Harlequins director of rugby Conor O'Shea admitted his side "got away with" a below-par performance before emerging with a 31-28 win at London Irish.

Tom Casson's last-gasp score looked for the all the world like a knock-on but television match official Graham Hughes ruled that the ball had ricocheted forward off the centre's knee, making the subsequent grounding legal.

"We know that at the end of the season you look back and you have games like this," he said. "It's a massive four points for us to come away with because Irish played well and it's a tough place to come."

Guy Armitage's first-ever Premiership try and 23 points from the left boot of Ian Humphreys appeared to have set the Exiles on their way to victory, before Casson's late effort broke their hearts.
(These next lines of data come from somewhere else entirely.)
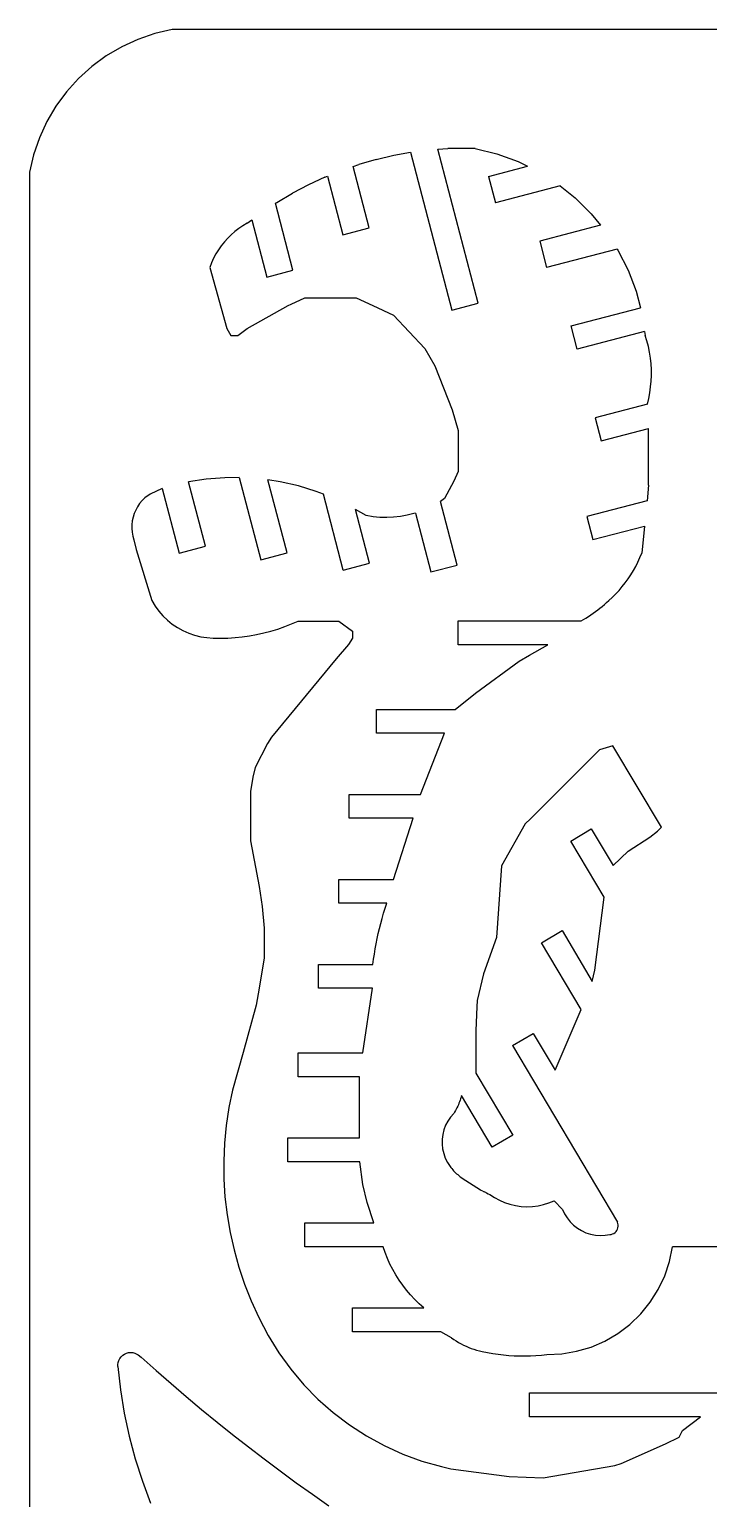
# Model space of a CAD drawing. Extents: x -402 to 402, y -558 to 558.
# Drawn here: x -402.4 to -252.7, y 233.6 to 557.6 of the extents above; entities that cross this region are included whole.
import ezdxf

# ---------------------------------------------------------------- set-up
doc = ezdxf.new("R2010")
doc.units = 0
doc.header["$MEASUREMENT"] = 0
doc.layers.get('0').update_dxf_attribs({"linetype": 'CONTINUOUS'})

msp = doc.modelspace()

# ---------------------------------------------------------------- linework, layer by layer
for p, q in [((-370.88, 557.63), (-374.72, 556.72)), ((-48.37, 557.63), (-370.88, 557.63)), ((-378.45, 555.43), (-382.03, 553.78)), ((-374.72, 556.72), (-378.45, 555.43)), ((-385.43, 551.77), (-388.6, 549.43)), ((-382.03, 553.78), (-385.43, 551.77)), ((-388.6, 549.43), (-391.53, 546.78)), ((-391.53, 546.78), (-394.18, 543.85)), ((-394.18, 543.85), (-396.52, 540.68)), ((-396.52, 540.68), (-398.53, 537.28)), ((-398.53, 537.28), (-400.18, 533.7)), ((-400.18, 533.7), (-401.47, 529.97)), ((-401.47, 529.97), (-402.38, 526.13)), ((-325.9, 528.95), (-329.74, 527.84)), ((-325.9, 528.95), (-322.01, 529.86)), ((-322.01, 529.86), (-318.35, 530.52)), ((-318.35, 530.52), (-309.27, 495.71)), ((-312.33, 531.21), (-310.13, 531.38)), ((-303.46, 497.22), (-312.33, 531.21)), ((-304.12, 531.38), (-310.13, 531.38)), ((-304.12, 531.38), (-299.3, 530.16)), ((-299.3, 530.16), (-294.63, 528.45)), ((-294.63, 528.45), (-292.55, 527.42)), ((-402.38, 526.13), (-402.38, -525.37)), ((-337.23, 525.05), (-340.86, 523.37)), ((-337.23, 525.05), (-336.68, 525.28)), ((-336.68, 525.28), (-333.3, 512.32)), ((-331.03, 527.4), (-329.74, 527.84)), ((-327.49, 513.83), (-331.03, 527.4)), ((-301.14, 525.18), (-292.55, 527.42)), ((-301.14, 525.18), (-299.63, 519.38)), ((-340.86, 523.37), (-344.4, 521.51)), ((-285.37, 523.09), (-299.63, 519.38)), ((-285.37, 523.09), (-282.07, 520.47)), ((-348.12, 519.28), (-347.84, 519.47)), ((-344.27, 504.51), (-348.12, 519.28)), ((-347.84, 519.47), (-344.4, 521.51)), ((-282.07, 520.47), (-278.53, 516.97)), ((-354.38, 514.88), (-353.37, 515.62)), ((-353.37, 515.62), (-350.07, 503)), ((-278.53, 516.97), (-276.46, 514.43)), ((-357.89, 512.32), (-358.66, 511.56)), ((-357.07, 513.04), (-357.89, 512.32)), ((-356.21, 513.71), (-357.07, 513.04)), ((-355.31, 514.32), (-356.21, 513.71)), ((-354.38, 514.88), (-355.31, 514.32)), ((-333.3, 512.32), (-327.49, 513.83)), ((-276.46, 514.43), (-289.89, 510.93)), ((-360.69, 509.01), (-361.26, 508.09)), ((-360.07, 509.9), (-360.69, 509.01)), ((-359.39, 510.75), (-360.07, 509.9)), ((-358.66, 511.56), (-359.39, 510.75)), ((-289.89, 510.93), (-288.38, 505.13)), ((-272.82, 509.18), (-288.38, 505.13)), ((-272.82, 509.18), (-272.67, 508.94)), ((-272.67, 508.94), (-270.41, 504.51)), ((-362.23, 506.14), (-362.62, 505.13)), ((-361.78, 507.13), (-362.23, 506.14)), ((-361.26, 508.09), (-361.78, 507.13)), ((-362.62, 505.13), (-358.88, 491.63)), ((-350.07, 503), (-344.27, 504.51)), ((-270.41, 504.51), (-268.64, 499.86)), ((-268.64, 499.86), (-267.68, 496.21)), ((-354.38, 491.63), (-345.3, 496.73)), ((-345.3, 496.73), (-344.7, 497.03)), ((-344.7, 497.03), (-341.63, 498.38)), ((-341.63, 498.38), (-330.38, 498.38)), ((-330.38, 498.38), (-326.7, 496.73)), ((-326.7, 496.73), (-322.13, 494.63)), ((-309.27, 495.71), (-303.46, 497.22)), ((-282.96, 492.23), (-267.68, 496.21)), ((-322.13, 494.63), (-315.2, 487.24)), ((-358.88, 491.63), (-358, 490.12)), ((-358, 490.12), (-356.44, 490.12)), ((-356.44, 490.12), (-354.38, 491.63)), ((-281.63, 487.13), (-282.96, 492.23)), ((-266.76, 491), (-281.63, 487.13)), ((-266.76, 491), (-266.62, 490.12)), ((-266.25, 488.9), (-266.62, 490.12)), ((-315.2, 487.24), (-312.98, 483.45)), ((-265.93, 487.66), (-266.25, 488.9)), ((-265.67, 486.41), (-265.93, 487.66)), ((-265.48, 485.14), (-265.67, 486.41)), ((-312.98, 483.45), (-309.15, 473.7)), ((-265.34, 483.87), (-265.48, 485.14)), ((-265.27, 482.59), (-265.34, 483.87)), ((-265.43, 478.76), (-265.31, 480.03)), ((-265.31, 480.03), (-265.26, 481.31)), ((-265.26, 481.31), (-265.27, 482.59)), ((-265.84, 476.23), (-265.6, 477.49)), ((-265.6, 477.49), (-265.43, 478.76)), ((-309.15, 473.7), (-307.88, 469.13)), ((-266.14, 474.99), (-277.67, 471.98)), ((-266.14, 474.99), (-265.84, 476.23)), ((-277.67, 471.98), (-276.34, 466.88)), ((-307.88, 469.13), (-307.88, 460.13)), ((-276.34, 466.88), (-265.88, 469.61)), ((-265.88, 457.13), (-265.88, 469.61)), ((-363.42, 458.43), (-367.27, 457.83)), ((-363.57, 443.64), (-367.27, 457.83)), ((-359.33, 458.75), (-363.42, 458.43)), ((-356.11, 458.76), (-359.33, 458.75)), ((-356.11, 458.76), (-351.38, 440.63)), ((-347.09, 457.86), (-349.78, 458.26)), ((-345.57, 442.14), (-349.78, 458.26)), ((-343.09, 456.95), (-347.09, 457.86)), ((-339.17, 455.73), (-343.09, 456.95)), ((-308.85, 457.95), (-310.88, 454.13)), ((-307.88, 460.13), (-308.85, 457.95)), ((-265.88, 457.13), (-266.22, 453.66)), ((-377.54, 453.68), (-378.07, 453.03)), ((-376.95, 454.28), (-377.54, 453.68)), ((-375.73, 455.15), (-376.95, 454.28)), ((-373.09, 456.35), (-375.73, 455.15)), ((-373.09, 456.35), (-369.38, 442.13)), ((-337.58, 455.11), (-339.17, 455.73)), ((-333.21, 438.37), (-337.58, 455.11)), ((-310.88, 454.13), (-311.76, 453.53)), ((-379.26, 450.82), (-379.52, 450.02)), ((-378.94, 451.6), (-379.26, 450.82)), ((-378.54, 452.33), (-378.94, 451.6)), ((-378.07, 453.03), (-378.54, 452.33)), ((-328.13, 450.38), (-330.5, 451.76)), ((-327.41, 439.88), (-330.5, 451.76)), ((-319.11, 450.46), (-320.6, 450.19)), ((-317.64, 450.83), (-319.11, 450.46)), ((-317.29, 450.95), (-317.64, 450.83)), ((-317.29, 450.95), (-313.9, 437.96)), ((-308.09, 439.47), (-311.76, 453.53)), ((-266.22, 453.66), (-279.52, 450.19)), ((-379.79, 448.37), (-379.81, 447.53)), ((-379.81, 447.53), (-379.75, 446.7)), ((-379.69, 449.2), (-379.79, 448.37)), ((-379.52, 450.02), (-379.69, 449.2)), ((-326.63, 450.13), (-328.13, 450.38)), ((-325.13, 449.99), (-326.63, 450.13)), ((-323.61, 449.95), (-325.13, 449.99)), ((-322.1, 450.02), (-323.61, 449.95)), ((-320.6, 450.19), (-322.1, 450.02)), ((-279.52, 450.19), (-278.19, 445.09)), ((-278.19, 445.09), (-266.78, 448.06)), ((-266.78, 448.06), (-267.38, 442.13)), ((-379.75, 446.7), (-379.61, 445.87)), ((-379.61, 445.87), (-379.39, 445.06)), ((-379.39, 445.06), (-378.86, 442.94)), ((-378.86, 442.94), (-375.38, 431.63)), ((-369.38, 442.13), (-363.57, 443.64)), ((-351.38, 440.63), (-345.57, 442.14)), ((-268.23, 440.15), (-267.78, 441.13)), ((-267.78, 441.13), (-267.38, 442.13)), ((-333.21, 438.37), (-327.41, 439.88)), ((-313.9, 437.96), (-308.09, 439.47)), ((-269.79, 437.33), (-269.23, 438.25)), ((-269.23, 438.25), (-268.71, 439.19)), ((-268.71, 439.19), (-268.23, 440.15)), ((-272.39, 433.9), (-271.69, 434.72)), ((-271.69, 434.72), (-271.02, 435.56)), ((-271.02, 435.56), (-270.39, 436.43)), ((-270.39, 436.43), (-269.79, 437.33)), ((-375.38, 431.63), (-374.66, 430.44)), ((-275.62, 430.78), (-275.15, 431.2)), ((-275.15, 431.2), (-274.68, 431.63)), ((-274.68, 431.63), (-273.89, 432.35)), ((-273.89, 432.35), (-273.12, 433.11)), ((-273.12, 433.11), (-272.39, 433.9)), ((-374.66, 430.44), (-373.85, 429.33)), ((-373.85, 429.33), (-372.95, 428.28)), ((-372.95, 428.28), (-371.95, 427.33)), ((-280.24, 427.47), (-279.7, 427.79)), ((-279.7, 427.79), (-279.16, 428.13)), ((-279.16, 428.13), (-278.63, 428.48)), ((-278.63, 428.48), (-278.11, 428.84)), ((-278.11, 428.84), (-277.6, 429.21)), ((-277.6, 429.21), (-277.09, 429.59)), ((-277.09, 429.59), (-276.6, 429.98)), ((-276.6, 429.98), (-276.1, 430.37)), ((-276.1, 430.37), (-275.62, 430.78)), ((-371.95, 427.33), (-370.88, 426.46)), ((-370.88, 426.46), (-369.73, 425.69)), ((-369.73, 425.69), (-368.52, 425.02)), ((-368.52, 425.02), (-367.26, 424.46)), ((-350.71, 424.5), (-349.15, 424.9)), ((-349.15, 424.9), (-347.62, 425.37)), ((-347.62, 425.37), (-346.1, 425.9)), ((-346.1, 425.9), (-344.6, 426.48)), ((-344.6, 426.48), (-343.13, 427.13)), ((-343.13, 427.13), (-334.13, 427.13)), ((-334.13, 427.13), (-331.13, 424.88)), ((-331.13, 424.88), (-331.13, 423.38)), ((-307.88, 427.15), (-280.78, 427.15)), ((-307.88, 421.88), (-307.88, 427.15)), ((-280.78, 427.15), (-280.24, 427.47)), ((-367.26, 424.46), (-365.96, 424.01)), ((-365.96, 424.01), (-364.62, 423.68)), ((-364.62, 423.68), (-363.25, 423.47)), ((-363.25, 423.47), (-361.88, 423.38)), ((-361.88, 423.38), (-360.27, 423.35)), ((-360.27, 423.35), (-358.66, 423.38)), ((-358.66, 423.38), (-357.05, 423.48)), ((-357.05, 423.48), (-355.46, 423.64)), ((-355.46, 423.64), (-353.86, 423.87)), ((-353.86, 423.87), (-352.28, 424.15)), ((-352.28, 424.15), (-350.71, 424.5)), ((-332.03, 421.95), (-334.73, 418.8)), ((-331.13, 423.38), (-332.03, 421.95)), ((-288.06, 421.88), (-307.88, 421.88)), ((-292.13, 419.63), (-288.06, 421.88)), ((-334.73, 418.8), (-348.98, 401.55)), ((-304.05, 411.23), (-294.45, 418.28)), ((-294.45, 418.28), (-292.13, 419.63)), ((-308.51, 407.65), (-304.05, 411.23)), ((-325.88, 402.38), (-325.88, 407.65)), ((-325.88, 407.65), (-308.51, 407.65)), ((-310.88, 402.38), (-325.88, 402.38)), ((-316.13, 388.9), (-310.88, 402.38)), ((-349.88, 400.13), (-352.61, 394.81)), ((-348.98, 401.55), (-349.88, 400.13)), ((-276.71, 398.75), (-291.88, 383.53)), ((-273.73, 399.62), (-276.71, 398.75)), ((-263.05, 381.64), (-273.73, 399.62)), ((-353.14, 392.69), (-353.63, 389.56)), ((-352.61, 394.81), (-353.14, 392.69)), ((-353.63, 389.56), (-353.63, 378.69)), ((-331.88, 383.63), (-331.88, 388.9)), ((-331.88, 388.9), (-316.13, 388.9)), ((-317.81, 383.63), (-331.88, 383.63)), ((-322.13, 370.15), (-317.81, 383.63)), ((-293.12, 382.4), (-298.29, 373.13)), ((-291.88, 383.53), (-293.12, 382.4)), ((-283.05, 378.6), (-278.52, 381.29)), ((-278.52, 381.29), (-273.72, 373.21)), ((-270.37, 376.38), (-265.63, 379.47)), ((-265.63, 379.47), (-263.89, 380.81)), ((-263.89, 380.81), (-263.05, 381.64)), ((-353.63, 378.69), (-351.69, 368.58)), ((-275.7, 366.21), (-283.05, 378.6)), ((-273.72, 373.21), (-270.37, 376.38)), ((-298.29, 373.13), (-299.41, 357.3)), ((-334.13, 364.88), (-334.13, 370.15)), ((-334.13, 370.15), (-322.13, 370.15)), ((-351.69, 368.58), (-351.06, 364.17)), ((-277.73, 350.12), (-275.7, 366.21)), ((-351.06, 364.17), (-350.63, 359.38)), ((-323.62, 364.88), (-334.13, 364.88)), ((-324.31, 362.67), (-323.97, 363.78)), ((-323.97, 363.78), (-323.62, 364.88)), ((-325.2, 359.33), (-324.92, 360.45)), ((-324.92, 360.45), (-324.62, 361.56)), ((-324.62, 361.56), (-324.31, 362.67)), ((-350.63, 359.38), (-350.63, 352.88)), ((-325.93, 355.95), (-325.7, 357.08)), ((-325.7, 357.08), (-325.46, 358.21)), ((-325.46, 358.21), (-325.2, 359.33)), ((-299.41, 357.3), (-302.29, 349.31)), ((-289.5, 356.16), (-284.97, 358.85)), ((-284.97, 358.85), (-278.3, 347.62)), ((-326.49, 352.54), (-326.32, 353.68)), ((-326.32, 353.68), (-326.13, 354.82)), ((-326.13, 354.82), (-325.93, 355.95)), ((-280.77, 341.45), (-289.5, 356.16)), ((-350.63, 352.88), (-351.7, 346.16)), ((-338.63, 346.13), (-338.63, 351.4)), ((-338.63, 351.4), (-326.65, 351.4)), ((-326.65, 351.4), (-326.49, 352.54)), ((-278.3, 347.62), (-277.73, 350.12)), ((-302.29, 349.31), (-303.67, 343.46)), ((-351.7, 346.16), (-352.41, 342.43)), ((-326.75, 346.13), (-338.63, 346.13)), ((-328.88, 331.9), (-326.75, 346.13)), ((-352.41, 342.43), (-355.28, 331.95)), ((-303.73, 342.04), (-303.96, 336.81)), ((-303.67, 343.46), (-303.73, 342.04)), ((-286.5, 328.05), (-280.77, 341.45)), ((-303.96, 336.81), (-303.93, 327.4)), ((-295.89, 333.53), (-291.31, 336.15)), ((-291.31, 336.15), (-286.5, 328.05)), ((-355.28, 331.95), (-357.64, 323.69)), ((-343.13, 326.63), (-343.13, 331.9)), ((-343.13, 331.9), (-328.88, 331.9)), ((-295.89, 333.53), (-272.75, 294.56)), ((-303.93, 327.4), (-295.8, 313.72)), ((-329.63, 326.63), (-343.13, 326.63)), ((-329.63, 313.15), (-329.63, 326.63)), ((-357.64, 323.69), (-358.43, 319.82)), ((-307.55, 321.1), (-307.68, 320.76)), ((-307.43, 321.44), (-307.55, 321.1)), ((-307.32, 321.78), (-307.43, 321.44)), ((-307.22, 322.12), (-307.32, 321.78)), ((-307.14, 322.47), (-307.22, 322.12)), ((-300.36, 311.07), (-307.14, 322.47)), ((-358.43, 319.82), (-359.01, 315.9)), ((-309.54, 317.73), (-310.13, 316.85)), ((-308.85, 318.54), (-309.54, 317.73)), ((-308.66, 318.84), (-308.85, 318.54)), ((-308.47, 319.15), (-308.66, 318.84)), ((-308.29, 319.46), (-308.47, 319.15)), ((-308.12, 319.78), (-308.29, 319.46)), ((-307.96, 320.1), (-308.12, 319.78)), ((-307.81, 320.43), (-307.96, 320.1)), ((-307.68, 320.76), (-307.81, 320.43)), ((-359.01, 315.9), (-359.38, 311.97)), ((-310.99, 314.92), (-311.25, 313.89)), ((-310.62, 315.91), (-310.99, 314.92)), ((-310.13, 316.85), (-310.62, 315.91)), ((-359.38, 311.97), (-359.55, 308.02)), ((-345.38, 307.88), (-345.38, 313.15)), ((-345.38, 313.15), (-329.63, 313.15)), ((-311.38, 312.83), (-311.39, 311.77)), ((-311.39, 311.77), (-311.28, 310.72)), ((-311.25, 313.89), (-311.38, 312.83)), ((-295.8, 313.72), (-300.36, 311.07)), ((-359.55, 308.02), (-359.51, 304.06)), ((-329.56, 307.88), (-345.38, 307.88)), ((-328.84, 302.87), (-329.56, 307.88)), ((-311.28, 310.72), (-311.04, 309.69)), ((-311.04, 309.69), (-310.69, 308.69)), ((-310.69, 308.69), (-310.22, 307.73)), ((-310.22, 307.73), (-309.65, 306.84)), ((-309.65, 306.84), (-309.46, 306.6)), ((-309.46, 306.6), (-309.27, 306.36)), ((-309.27, 306.36), (-309.07, 306.12)), ((-309.07, 306.12), (-308.86, 305.89)), ((-308.86, 305.89), (-308.65, 305.67)), ((-308.65, 305.67), (-308.43, 305.45)), ((-308.43, 305.45), (-308.2, 305.24)), ((-308.2, 305.24), (-307.97, 305.03)), ((-307.97, 305.03), (-307.74, 304.83)), ((-307.74, 304.83), (-307.5, 304.64)), ((-307.5, 304.64), (-307.25, 304.46)), ((-359.51, 304.06), (-359.26, 300.11)), ((-327.94, 298.88), (-328.84, 302.87)), ((-307.25, 304.46), (-307, 304.28)), ((-307, 304.28), (-302.95, 301.65)), ((-302.78, 301.56), (-302.95, 301.65)), ((-302.44, 301.4), (-302.78, 301.56)), ((-302.44, 301.4), (-302.1, 301.24)), ((-359.26, 300.11), (-358.8, 296.19)), ((-326.44, 294.4), (-327.94, 298.88)), ((-301.93, 301.16), (-302.1, 301.24)), ((-301.93, 301.16), (-301.59, 300.99)), ((-301.59, 300.99), (-301.25, 300.83)), ((-301.25, 300.83), (-300.91, 300.67)), ((-300.91, 300.67), (-299.87, 299.98)), ((-299.87, 299.98), (-298.77, 299.38)), ((-298.77, 299.38), (-297.63, 298.89)), ((-297.63, 298.89), (-296.44, 298.5)), ((-296.44, 298.5), (-295.23, 298.21)), ((-295.23, 298.21), (-293.99, 298.03)), ((-291.49, 298), (-290.25, 298.15)), ((-290.25, 298.15), (-289.03, 298.41)), ((-289.03, 298.41), (-287.84, 298.78)), ((-287.84, 298.78), (-286.68, 299.25)), ((-286.68, 299.25), (-284.86, 297.36)), ((-358.8, 296.19), (-358.14, 292.29)), ((-293.99, 298.03), (-292.74, 297.96)), ((-292.74, 297.96), (-291.49, 298)), ((-284.86, 297.36), (-284.4, 296.39)), ((-284.4, 296.39), (-283.84, 295.48)), ((-283.84, 295.48), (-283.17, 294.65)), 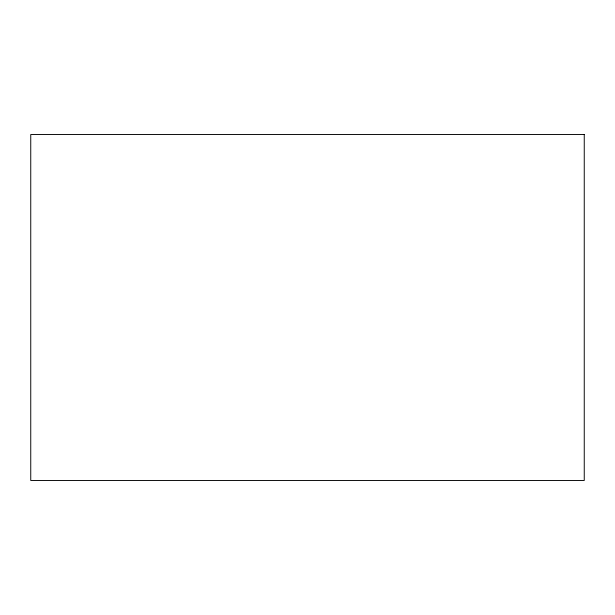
<?xml version="1.0" encoding="UTF-8"?>
<svg xmlns="http://www.w3.org/2000/svg" width="615" height="615" viewBox="0 0 615 615"><rect width="100%" height="100%" fill="white"/><g stroke="black" fill="none" stroke-linecap="round" stroke-linejoin="round"><path stroke-width="0.92" d="M584.25 134.531L30.75 134.531L30.75 480.469L584.25 480.469L584.25 134.531"/></g></svg>

Danny Care and Tom Williams also crossed for the defending champions who ended a run of two successive defeats in the Premiership while the Exiles stay in 11th with only a losing bonus point to show for a titanic effort.

O'Shea added: "I think we really picked up the intensity in the final five or six minutes after we went behind and that was crucial. The whole team picked up in intensity and we saw more people carrying, more people getting into the game and looking for the ball.

"Everyone forgets certain games at the end of the season - it's all about playing your best all season and fortunately this was one we got away with without playing at our best."

London Irish director of rugby Brian Smith saw the controversial final play a little differently.

"The guy who had the responsibility made his call and while I don't agree with it there might be some who do," he said. "The key thing for us is to take the spotlight off the incident at the end and focus elsewhere - we're a good team.

"We played well against the champions of England and I think we deserved the win, but at the same time if you ask yourself, 'Could that game have gone either way?', you have to say, 'Yes, it probably could have'."